**What the task asks**
Once the line with "#8950 = CARTESIAN_POINT" is found in the entries below, repeat it and each following line exactly, up to and including the line with "#12457 = CARTESIAN_POINT". Add no other lines.

[Start of section]

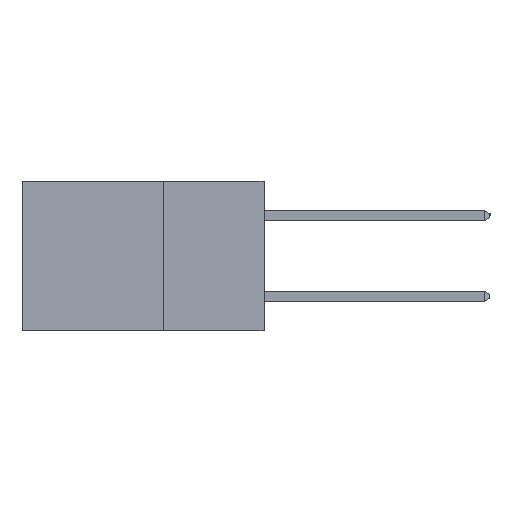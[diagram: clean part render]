
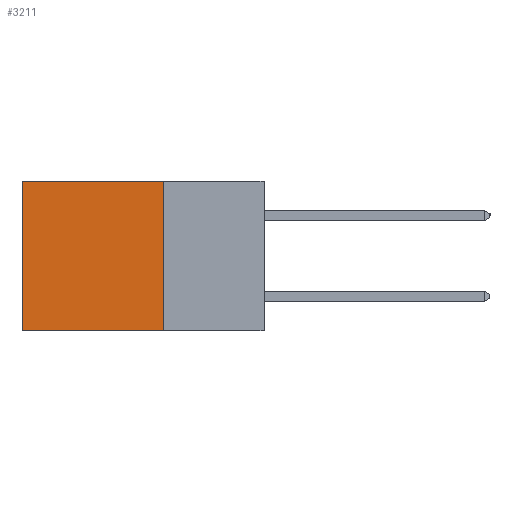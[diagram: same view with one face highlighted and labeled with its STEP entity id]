
A CAD part, left-side view. The second image highlights one B-rep face of the part: STEP entity #3211.
In plain terms, the highlighted planar face has unit normal (-1, 0, 0).
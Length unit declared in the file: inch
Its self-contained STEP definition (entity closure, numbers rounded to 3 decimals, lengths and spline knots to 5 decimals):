
#425 = EDGE_CURVE ( 'NONE', #8656, #17497, #5922, .T. ) ;
#1247 = DIRECTION ( 'NONE',  ( 0., 0., -1. ) ) ;
#1592 = DIRECTION ( 'NONE',  ( 0., 0., -1. ) ) ;
#1840 = VECTOR ( 'NONE', #2524, 39.37008 ) ;
#1856 = EDGE_CURVE ( 'NONE', #17497, #4338, #11291, .T. ) ;
#2524 = DIRECTION ( 'NONE',  ( 0., 1., 0. ) ) ;
#2699 = VECTOR ( 'NONE', #3223, 39.37008 ) ;
#3206 = ORIENTED_EDGE ( 'NONE', *, *, #425, .T. ) ;
#3211 = ADVANCED_FACE ( 'NONE', ( #15067 ), #7888, .F. ) ;
#3223 = DIRECTION ( 'NONE',  ( 0., 1., 0. ) ) ;
#3277 = DIRECTION ( 'NONE',  ( 0., 0., -1. ) ) ;
#3845 = CARTESIAN_POINT ( 'NONE',  ( 0.2615, 0.25, -0.37 ) ) ;
#4338 = VERTEX_POINT ( 'NONE', #12457 ) ;
#5717 = CARTESIAN_POINT ( 'NONE',  ( 0.2615, 0.25, 0. ) ) ;
#5922 = LINE ( 'NONE', #5717, #1840 ) ;
#6272 = VECTOR ( 'NONE', #1247, 39.37008 ) ;
#7427 = CARTESIAN_POINT ( 'NONE',  ( 0.2615, 0.25, -0.37 ) ) ;
#7802 = AXIS2_PLACEMENT_3D ( 'NONE', #14234, #9246, #3277 ) ;
#7888 = PLANE ( 'NONE',  #7802 ) ;
#8656 = VERTEX_POINT ( 'NONE', #8934 ) ;
#8934 = CARTESIAN_POINT ( 'NONE',  ( 0.2615, 0.25, 0. ) ) ;
#8950 = CARTESIAN_POINT ( 'NONE',  ( 0.2615, 0.6, 0. ) ) ;
#9246 = DIRECTION ( 'NONE',  ( 1., 0., 0. ) ) ;
#9386 = VECTOR ( 'NONE', #1592, 39.37008 ) ;
#9570 = ORIENTED_EDGE ( 'NONE', *, *, #15462, .F. ) ;
#11291 = LINE ( 'NONE', #12659, #9386 ) ;
#12102 = ORIENTED_EDGE ( 'NONE', *, *, #14418, .F. ) ;
#12457 = CARTESIAN_POINT ( 'NONE',  ( 0.2615, 0.6, -0.37 ) ) ;
#12482 = VERTEX_POINT ( 'NONE', #3845 ) ;
#12659 = CARTESIAN_POINT ( 'NONE',  ( 0.2615, 0.6, -0.37 ) ) ;
#14234 = CARTESIAN_POINT ( 'NONE',  ( 0.2615, 0.25, -0.37 ) ) ;
#14418 = EDGE_CURVE ( 'NONE', #8656, #12482, #18799, .T. ) ;
#15067 = FACE_OUTER_BOUND ( 'NONE', #15711, .T. ) ;
#15319 = LINE ( 'NONE', #7427, #2699 ) ;
#15426 = CARTESIAN_POINT ( 'NONE',  ( 0.2615, 0.25, -0.37 ) ) ;
#15462 = EDGE_CURVE ( 'NONE', #12482, #4338, #15319, .T. ) ;
#15711 = EDGE_LOOP ( 'NONE', ( #20354, #9570, #12102, #3206 ) ) ;
#17497 = VERTEX_POINT ( 'NONE', #8950 ) ;
#18799 = LINE ( 'NONE', #15426, #6272 ) ;
#20354 = ORIENTED_EDGE ( 'NONE', *, *, #1856, .T. ) ;

[End of section]

**Task result**
#8950 = CARTESIAN_POINT ( 'NONE',  ( 0.2615, 0.6, 0. ) ) ;
#9246 = DIRECTION ( 'NONE',  ( 1., 0., 0. ) ) ;
#9386 = VECTOR ( 'NONE', #1592, 39.37008 ) ;
#9570 = ORIENTED_EDGE ( 'NONE', *, *, #15462, .F. ) ;
#11291 = LINE ( 'NONE', #12659, #9386 ) ;
#12102 = ORIENTED_EDGE ( 'NONE', *, *, #14418, .F. ) ;
#12457 = CARTESIAN_POINT ( 'NONE',  ( 0.2615, 0.6, -0.37 ) ) ;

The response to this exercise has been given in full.